The U.S. Commerce Department's third and final estimate Thursday of growth for the July-September quarter was revised up from its previous estimate of a 2.7 per cent annual growth rate.
However, the number of Americans applying for unemployment benefits rose last week by 17,000, reversing four weeks of declines. The Labour Department reports that a seasonally adjusted 361,000 people sought unemployment aid the week ended Dec. 15, up from a revised 344,000 the week before.
Meanwhile, sales of previously occupied homes in the United States jumped to their highest level in three years last month, bolstered by steady job gains and record-low mortgage rates.
The National Association of Realtors said Thursday that sales rose 5.9 per cent to a seasonally adjusted annual rate of 5.04 million in November. That's up from 4.76 million in October.
Traders also took in news that IntercontinentalExchange Inc. has signed a friendly agreement to buy NYSE Euronext for about $8.2 billion in cash and stock, a deal that would create an industry giant that includes the New York Stock Exchange and other securities markets.

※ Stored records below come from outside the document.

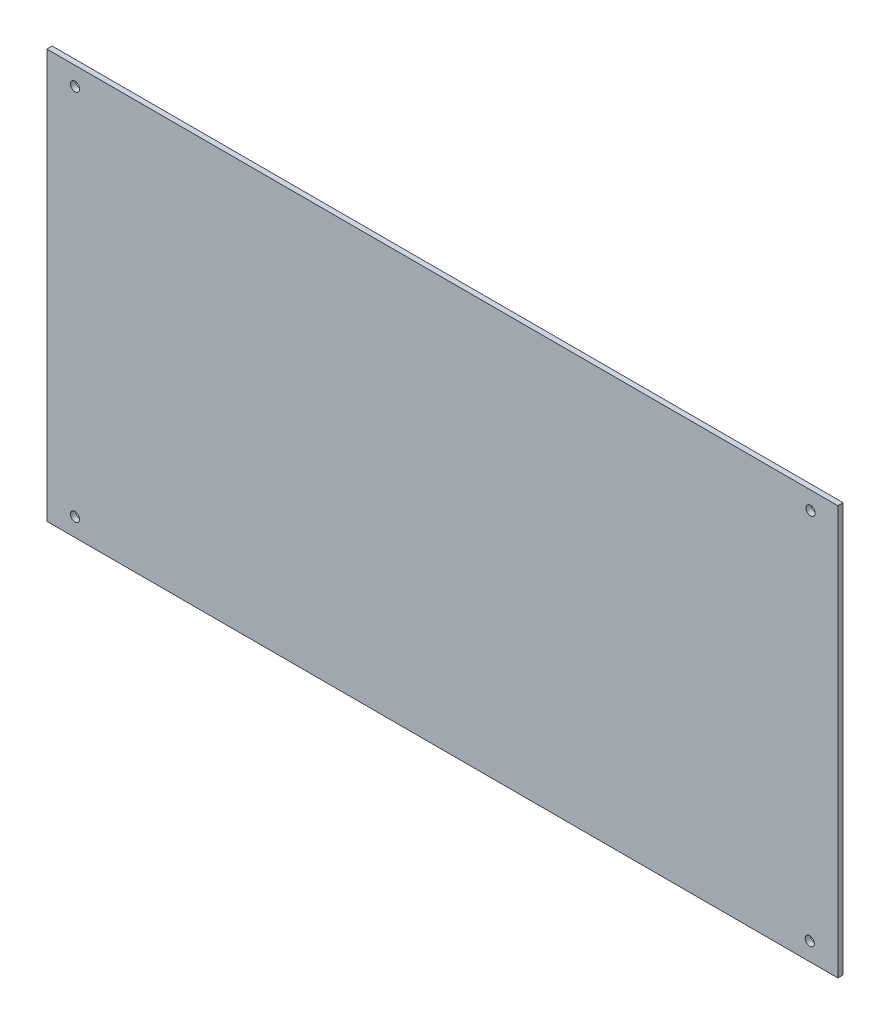
SolidWorks part; units mm, degrees
ref_plane "Plan de face" through (0, 0, 0) normal (0, 0, 1) x (1, 0, 0)
ref_plane "Plan de dessus" through (0, 0, 0) normal (0, 1, 0) x (1, 0, 0)
ref_plane "Plan de droite" through (0, 0, 0) normal (1, 0, 0) x (0, 0, -1)
sketch "Esquisse1" plane through (0, 0, 0) normal (0, 0, 1) x (1, 0, 0)
  line L1 (0, 0) -> (-450.3, 0)
  line L2 (0, 0) -> (0, 232.85)
  line L3 (0, 232.85) -> (-450.3, 232.85)
  line L4 (-450.3, 0) -> (-450.3, 232.85)
  dimension "D1" = 232.85
  dimension "D2" = 450.3
extrude "Boss.-Extru.1" add sketch "Esquisse1" along normal blind 3
sketch "Esquisse2" plane through (0, 0, 3) normal (0, 0, 1) x (1, 0, 0)
  circle A0 centre (-434.3, 10.2368) radius 2.6 construction
  circle A1 centre (-16, 10.2368) radius 2.6 construction
  circle A2 centre (-15.549, 222.6722) radius 2.6 construction
  circle A3 centre (-434.3, 222.3873) radius 2.6 construction
  circle A4 centre (-434.3, 10.2368) radius 2.6
  circle A5 centre (-16, 10.2368) radius 2.6
  circle A6 centre (-15.549, 222.6722) radius 2.6
  circle A7 centre (-434.3, 222.3873) radius 2.6
extrude "Enlèv. mat.-Extru.1" cut sketch "Esquisse2" against normal blind 20
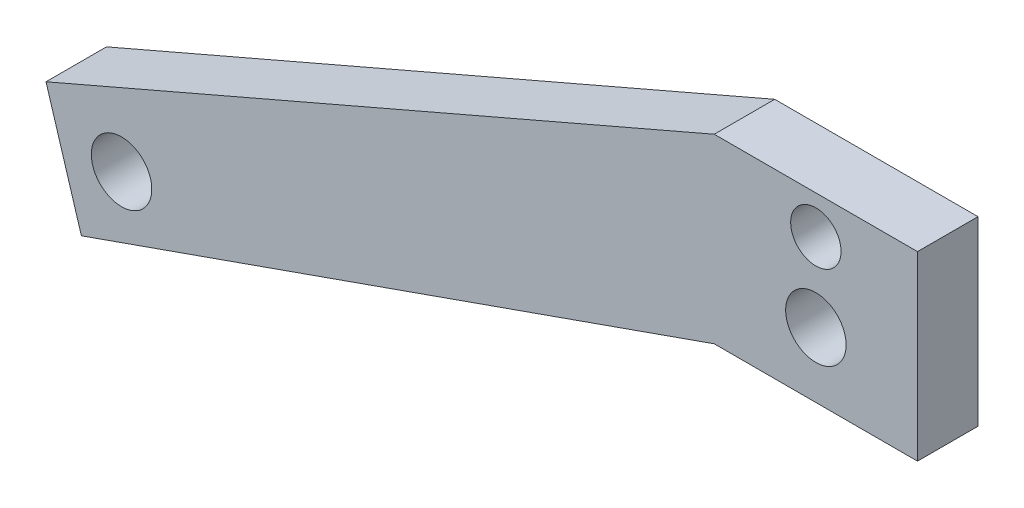
SolidWorks part; units mm, degrees
ref_plane "Front Plane" through (0, 0, 0) normal (0, 0, 1) x (1, 0, 0)
ref_plane "Top Plane" through (0, 0, 0) normal (0, 1, 0) x (1, 0, 0)
ref_plane "Right Plane" through (0, 0, 0) normal (1, 0, 0) x (0, 0, -1)
sketch "Sketch1" plane through (0, 0, 0) normal (0, 0, 1) x (1, 0, 0)
  line L0 (-16, 45) -> (-121.1993, -0.4465)
  line L2 (-276.7879, -13.7826) -> (-251.7788, -35.3348) construction
  line L3 (0, 26.6476) -> (-109.3056, -6.7705) construction
  line L4 (-16, 45) -> (-16, 15)
  line L5 (-16, 15) -> (16, 15)
  line L6 (16, 15) -> (16, 45)
  line L7 (16, 45) -> (-16, 45)
  line L8 (-16, 45) -> (-16, 16.425) construction
  line L9 (-16, 15) -> (16, 15) construction
  line L10 (16, 16.425) -> (16, 45)
  line L11 (16, 45) -> (-16, 45)
  line L12 (16, 16.425) -> (-16, 16.425)
  line L13 (-16, 16.425) -> (-115.6296, -18.6642)
  line L14 (-115.6296, -18.6642) -> (-121.1993, -0.4465)
  line L15 (-251.7788, -35.3348) -> (-242.2031, -37.4927) construction
  line L17 (-28.3991, 26.6361) -> (-28.037, 26.7) construction
  line L18 (-2117.156, -341.6) -> (-28.037, 26.7) construction
  line L19 (-242.2031, -37.4927) -> (-208.8903, -37.4927) construction
  line L20 (-208.8903, -37.4927) -> (-16, 45) construction
  line L21 (-292.5067, -43.5335) -> (-248.9466, -55.1606) construction
  line L22 (-248.9466, -55.1606) -> (-208.8903, -56.2396) construction
  line L23 (-208.8903, -56.2396) -> (-14.9476, 16.425) construction
  line L24 (-288.0555, -26.8574) -> (0, 26.6476) construction
  line L47 (-109.3056, -6.7705) -> (-118.4144, -9.5554) construction
  circle A0 centre (0, 39) radius 3.9688 construction
  circle A1 centre (0, 39) radius 3.9688
  circle A2 centre (0, 26.6476) radius 4.7625
  circle A3 centre (-109.3056, -6.7705) radius 4.7625
  circle A4 centre (-288.0555, -26.8574) radius 17.26 construction
  point P21 (-118.4144, -9.5554)
  dimension "D2" = 9.525
  dimension "D4" = 114.3
  dimension "D7" = 292.9825
  dimension "D3" = 9.525
  dimension "D5" = 19.05
  dimension "D6" = 28.575
  dimension "D8" = 17
  dimension "D9" = 32
  dimension "D1" = 0
extrude "Boss-Extrude1" add sketch "Sketch1" along normal blind 9.525
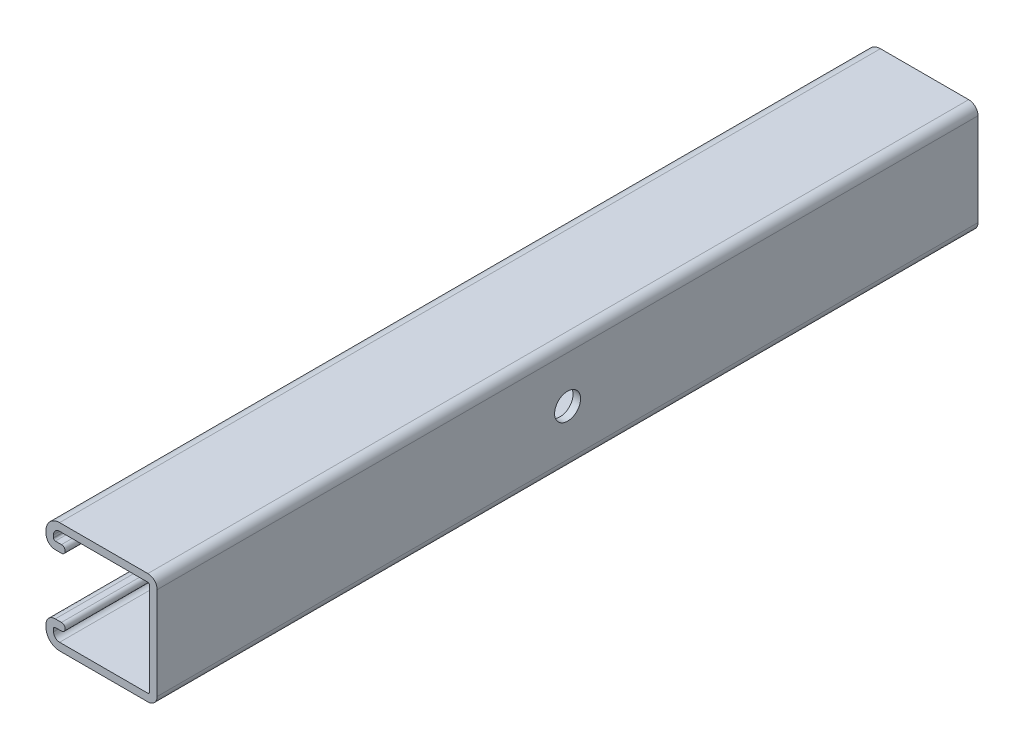
SolidWorks part; units mm, degrees
ref_plane "Front Plane" through (0, 0, 0) normal (0, 0, 1) x (1, 0, 0)
ref_plane "Top Plane" through (0, 0, 0) normal (0, 1, 0) x (1, 0, 0)
ref_plane "Right Plane" through (0, 0, 0) normal (1, 0, 0) x (0, 0, -1)
sketch "Sketch1" plane through (0, 0, 0) normal (0, 0, 1) x (1, 0, 0)
  line L0 (0, 0) -> (-41.275, 0) construction
  line L3 (-41.275, 20.6375) -> (0, 20.6375) construction
  line L4 (-41.275, 20.6375) -> (-41.275, -20.6375) construction
  line L5 (-41.275, -20.6375) -> (0, -20.6375) construction
  line L6 (0, 20.6375) -> (0, -20.6375) construction
  line L7 (-36.2267, 20.6375) -> (-3.4607, 20.6375)
  line L8 (0, 17.1767) -> (0, -17.1767)
  line L9 (-2.794, -17.1767) -> (-2.794, 17.1767)
  line L10 (-3.4608, 17.8435) -> (-36.2267, 17.8435)
  line L11 (-41.275, 15.5892) -> (-41.275, 14.5732)
  line L12 (-37.8142, 11.1125) -> (-35.5346, 11.1125)
  line L14 (-35.5346, 13.9065) -> (-37.8142, 13.9065)
  line L15 (-38.481, 14.5732) -> (-38.481, 15.5892)
  line L16 (-38.481, -14.5733) -> (-38.481, -15.5893)
  line L17 (-35.5346, -13.9065) -> (-37.8142, -13.9065)
  line L18 (-37.8142, -11.1125) -> (-35.5346, -11.1125)
  line L19 (-41.275, -15.5893) -> (-41.275, -14.5733)
  line L20 (-3.4607, -17.8435) -> (-36.2267, -17.8435)
  line L21 (-36.2267, -20.6375) -> (-3.4607, -20.6375)
  line L22 (-2.794, -20.6375) -> (-2.794, 20.6375) construction
  arc A1 (0, 17.1767) -> (-3.4607, 20.6375) centre (-3.4607, 17.1767) ccw
  arc A2 (-2.794, 17.1767) -> (-3.4608, 17.8435) centre (-3.4607, 17.1767) ccw
  arc A4 (-36.2267, 20.6375) -> (-41.275, 15.5892) centre (-36.2267, 15.5892) ccw
  arc A5 (-41.275, 14.5732) -> (-37.8142, 11.1125) centre (-37.8142, 14.5732) ccw
  arc A6 (-35.5346, 11.1125) -> (-35.5346, 13.9065) centre (-35.5346, 12.5095) ccw
  arc A7 (-37.8142, 13.9065) -> (-38.481, 14.5732) centre (-37.8142, 14.5732) cw
  arc A8 (-38.481, 15.5892) -> (-36.2267, 17.8435) centre (-36.2267, 15.5892) cw
  arc A9 (-38.481, -15.5893) -> (-36.2267, -17.8435) centre (-36.2267, -15.5893) ccw
  arc A10 (-37.8142, -13.9065) -> (-38.481, -14.5733) centre (-37.8142, -14.5733) ccw
  arc A11 (-35.5346, -11.1125) -> (-35.5346, -13.9065) centre (-35.5346, -12.5095) cw
  arc A12 (-41.275, -14.5733) -> (-37.8142, -11.1125) centre (-37.8142, -14.5733) cw
  arc A13 (-36.2267, -20.6375) -> (-41.275, -15.5893) centre (-36.2267, -15.5893) cw
  arc A14 (-2.794, -17.1767) -> (-3.4607, -17.8435) centre (-3.4607, -17.1767) cw
  arc A15 (0, -17.1767) -> (-3.4607, -20.6375) centre (-3.4607, -17.1767) cw
  point P24 (0, 20.6375)
  point P65 (-2.794, 0)
  dimension "D1" = 3.4608
  dimension "D2" = 5.0482
  dimension "D3" = 3.4608
  dimension "Ht." = 41.275
  dimension "Wd." = 41.275
  dimension "Thk." = 2.794
  dimension "D4" = 9.525
  dimension "D5" = 7.1374
extrude "Boss-Extrude1" add sketch "Sketch1" against normal blind 304.8
sketch "Sketch3" plane through (0, 0, 0) normal (1, 0, 0) x (0, 0, -1)
  line L0 (0, 0) -> (304.8, 0) construction
  point P2 (101.6, 0)
  point P3 (203.2, 0)
  dimension "D1" = 101.6
  dimension "D2" = 101.6
  dimension "D3" = 304.8
sketch "Sketch4" plane through (0, 0, 0) normal (1, 0, 0) x (0, 0, -1)
  line L0 (0, 0) -> (304.8, 0) construction
  line L1 (304.8, -17.1767) -> (304.8, 17.1767) construction
  circle A0 centre (152.4, 0) radius 4.826
  point P7 (128.5542, 0)
  dimension "D1" = 9.652
extrude "Cut-Extrude1" cut sketch "Sketch4" against normal through all
equation "\"D3@Sketch3\" = \"Lg.@Boss-Extrude1\""
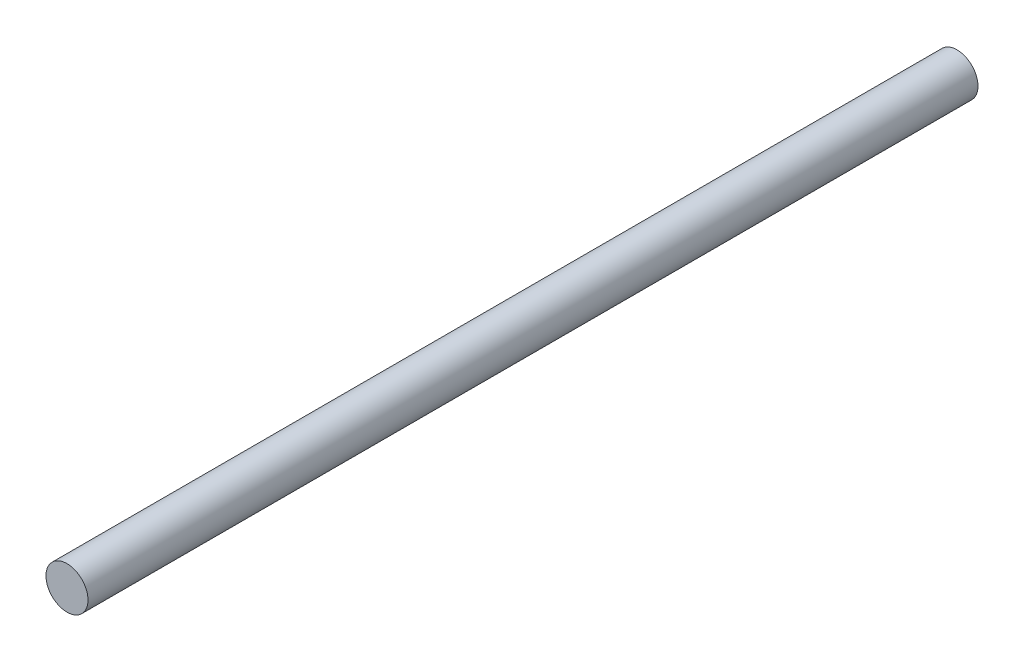
SolidWorks part; units mm, degrees
material "Plain Carbon Steel"
ref_plane "Front Plane" through (0, 0, 0) normal (0, 0, 1) x (1, 0, 0)
ref_plane "Top Plane" through (0, 0, 0) normal (0, 1, 0) x (1, 0, 0)
ref_plane "Right Plane" through (0, 0, 0) normal (1, 0, 0) x (0, 0, -1)
sketch "Sketch1" plane through (0, 0, 0) normal (0, 0, 1) x (1, 0, 0)
  circle A0 centre (0, 0) radius 3
  dimension "D1" = 6
extrude "Boss-Extrude1" add sketch "Sketch1" along normal blind 127
sketch "Sketch2" plane through (0, 0, 0) normal (0, 1, 0) x (1, 0, 0)
  line L0 (0, 0) -> (0, -127) construction
  line L1 (-3, -127) -> (3, -127) construction
  line L2 (3, -127) -> (3, 0) construction
  line L3 (3, -0.7938) -> (2.5, -0.7938)
  line L4 (3, -0.7938) -> (3, -1.5304)
  line L5 (3, -1.5304) -> (2.5, -1.5304)
  line L6 (2.5, -0.7938) -> (2.5, -1.5304)
  line L7 (3, 0) -> (-3, 0) construction
  line L8 (3, -7.8804) -> (2.5, -7.8803)
  line L9 (3, -7.8804) -> (3, -8.6169)
  line L10 (3, -8.6169) -> (2.5, -8.6169)
  line L11 (2.5, -7.8803) -> (2.5, -8.6169)
  line L12 (3, -14.9669) -> (2.5, -14.9669)
  line L13 (3, -14.9669) -> (3, -15.7035)
  line L14 (3, -15.7035) -> (2.5, -15.7035)
  line L15 (2.5, -14.9669) -> (2.5, -15.7035)
  line L16 (3, -22.0535) -> (2.5, -22.0535)
  line L17 (3, -22.0535) -> (3, -22.7901)
  line L18 (3, -22.7901) -> (2.5, -22.7901)
  line L19 (2.5, -22.0535) -> (2.5, -22.7901)
  line L20 (3, -29.1401) -> (2.5, -29.1401)
  line L21 (3, -29.1401) -> (3, -29.8767)
  line L22 (3, -29.8767) -> (2.5, -29.8767)
  line L23 (2.5, -29.1401) -> (2.5, -29.8767)
  line L24 (2.5, -29.1401) -> (2.5, -22.7901) construction
  line L25 (3, -119.1196) -> (2.5, -119.1196)
  line L26 (3, -126.2062) -> (2.5, -126.2062)
  line L27 (3, -126.2062) -> (3, -125.4696)
  line L28 (3, -125.4696) -> (2.5, -125.4696)
  line L29 (2.5, -126.2062) -> (2.5, -125.4696)
  line L30 (3, -119.1196) -> (3, -118.383)
  line L31 (3, -118.383) -> (2.5, -118.383)
  line L32 (2.5, -119.1196) -> (2.5, -118.383)
  dimension "D1" = 0.7937
  dimension "D2" = 0.7366
  dimension "D3" = 0.5
  dimension "D5" = 6.35
  dimension "D6" = 0.7937
  dimension "D8" = 6.35
  dimension "D4" = 5
  dimension "D7" = 2
revolve "Cut-Revolve1" [suppressed] cut sketch "Sketch2" angle 360 about L0
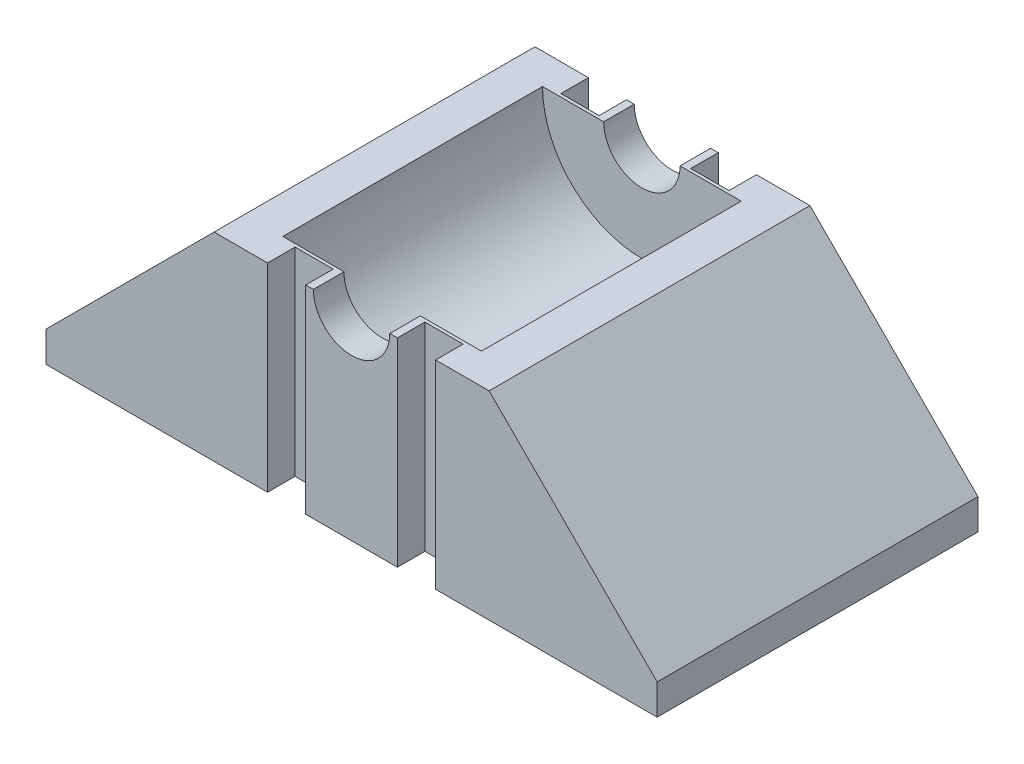
SolidWorks part; units mm, degrees
ref_plane "Płaszczyzna przednia" through (0, 0, 0) normal (0, 0, 1) x (1, 0, 0)
ref_plane "Płaszczyzna górna" through (0, 0, 0) normal (0, 1, 0) x (1, 0, 0)
ref_plane "Płaszczyzna prawa" through (0, 0, 0) normal (1, 0, 0) x (0, 0, -1)
sketch "Sketch5" plane through (0, 0, 0) normal (0, 0, 1) x (1, 0, 0)
  line L1 (-40, 13) -> (0, 13)
  line L2 (-40, 13) -> (-40, 0)
  line L3 (-40, 0) -> (0, 0)
  line L4 (0, 13) -> (0, 0)
  dimension "D1" = 40
  dimension "D2" = 13
extrude "Boss-Extrude2" add sketch "Sketch5" along normal blind 10.5
sketch "Sketch6" plane through (0, 0, 0) normal (0, 0, -1) x (-1, 0, 0)
  line L0 (0, 13) -> (40, 13) construction
  circle A0 centre (20, 13) radius 6.5
  dimension "D1" = 13
extrude "Cut-Extrude4" cut sketch "Sketch6" against normal blind 8.5
sketch "Sketch7" plane through (0, 0, 10.5) normal (0, 0, 1) x (1, 0, 0)
  line L0 (0, 13) -> (-40, 13) construction
  circle A0 centre (-20, 13) radius 2.5
  dimension "D1" = 5
extrude "Cut-Extrude5" cut sketch "Sketch7" against normal blind 4.5 contours A0
mirror "Mirror5" about plane through (0, 0, 0) normal (0, 0, 1) of "Cut-Extrude4", "Cut-Extrude5", "Boss-Extrude2"
sketch "Sketch8" plane through (0, 0, 0) normal (0, -1, 0) x (1, 0, 0)
  line L0 (-40, 0) -> (0, 0) construction
  line L1 (-20, 10.5) -> (-20, -10.5) construction
  line L2 (-40, 10.5) -> (-40, -10.5) construction
  line L3 (0, 10.5) -> (0, -10.5) construction
  line L4 (-40, -10.5) -> (0, -10.5) construction
  line L5 (-40, 10.5) -> (0, 10.5) construction
  circle A0 centre (-31, 5.5) radius 4
  circle A1 centre (-9, 5.5) radius 4
  circle A2 centre (-9, -5.5) radius 4
  circle A3 centre (-31, -5.5) radius 4
  point P14 (0, 0)
  dimension "D1" = 8
  dimension "D2" = 5
  dimension "D3" = 9
extrude "Cut-Extrude6" cut sketch "Sketch8" against normal blind 5
chamfer "Chamfer8" distance 11 angle 45 2 edges at (-40, 13, 0) (0, 13, 0)
sketch "Sketch9" plane through (0, 0, 0) normal (0, -1, 0) x (1, 0, 0)
  line L0 (-20, 10.5) -> (-20, -10.5) construction
  line L1 (-40, 0) -> (0, 0) construction
  line L3 (-40, 10.5) -> (0, 10.5) construction
  line L4 (-40, 10.5) -> (-40, -10.5) construction
  line L5 (-40, -10.5) -> (0, -10.5) construction
  line L6 (0, 10.5) -> (0, -10.5) construction
  line L7 (-14.5, 8.7) -> (-17, 8.7)
  line L8 (-25.5, 10.5) -> (-23, 10.5)
  line L9 (-25.5, 10.5) -> (-25.5, 8.7)
  line L10 (-25.5, 8.7) -> (-23, 8.7)
  line L11 (-23, 10.5) -> (-23, 8.7)
  line L12 (-17, 10.5) -> (-17, 8.7)
  line L13 (-14.5, 10.5) -> (-17, 10.5)
  line L14 (-14.5, 10.5) -> (-14.5, 8.7)
  line L15 (-14.5, -10.5) -> (-14.5, -8.7)
  line L16 (-14.5, -10.5) -> (-17, -10.5)
  line L17 (-17, -10.5) -> (-17, -8.7)
  line L18 (-14.5, -8.7) -> (-17, -8.7)
  line L19 (-25.5, -8.7) -> (-23, -8.7)
  line L20 (-23, -10.5) -> (-23, -8.7)
  line L21 (-25.5, -10.5) -> (-23, -10.5)
  line L22 (-25.5, -10.5) -> (-25.5, -8.7)
  dimension "D1" = 2.5
  dimension "D2" = 1.8
  dimension "D3" = 3
extrude "Cut-Extrude7" cut sketch "Sketch9" against normal blind 15

In Canadian corporate news, Bombardier Inc. (TSX:BBD.B) has a firm deal to sell at least 10 of its new CSeries passenger jets to AirBaltic, which has an option to buy an additional 10 planes. The Latvian airline's firm order has a list value of US$764 million. The deal could be worth up to US$1.57 billion if AirBaltic fully exercises options to buy an additional 10 Bombardier CS300s.
It's the second major announcement regarding the new-generation CSeries planes by the Montreal-based aerospace company this week. Bombardier said Thursday that an unidentified airline based in the Americas had signed a letter of intent to buy 12 to 30 CSeries planes, worth up to US$2.08 billion. Shares added 11 cents to $3.68.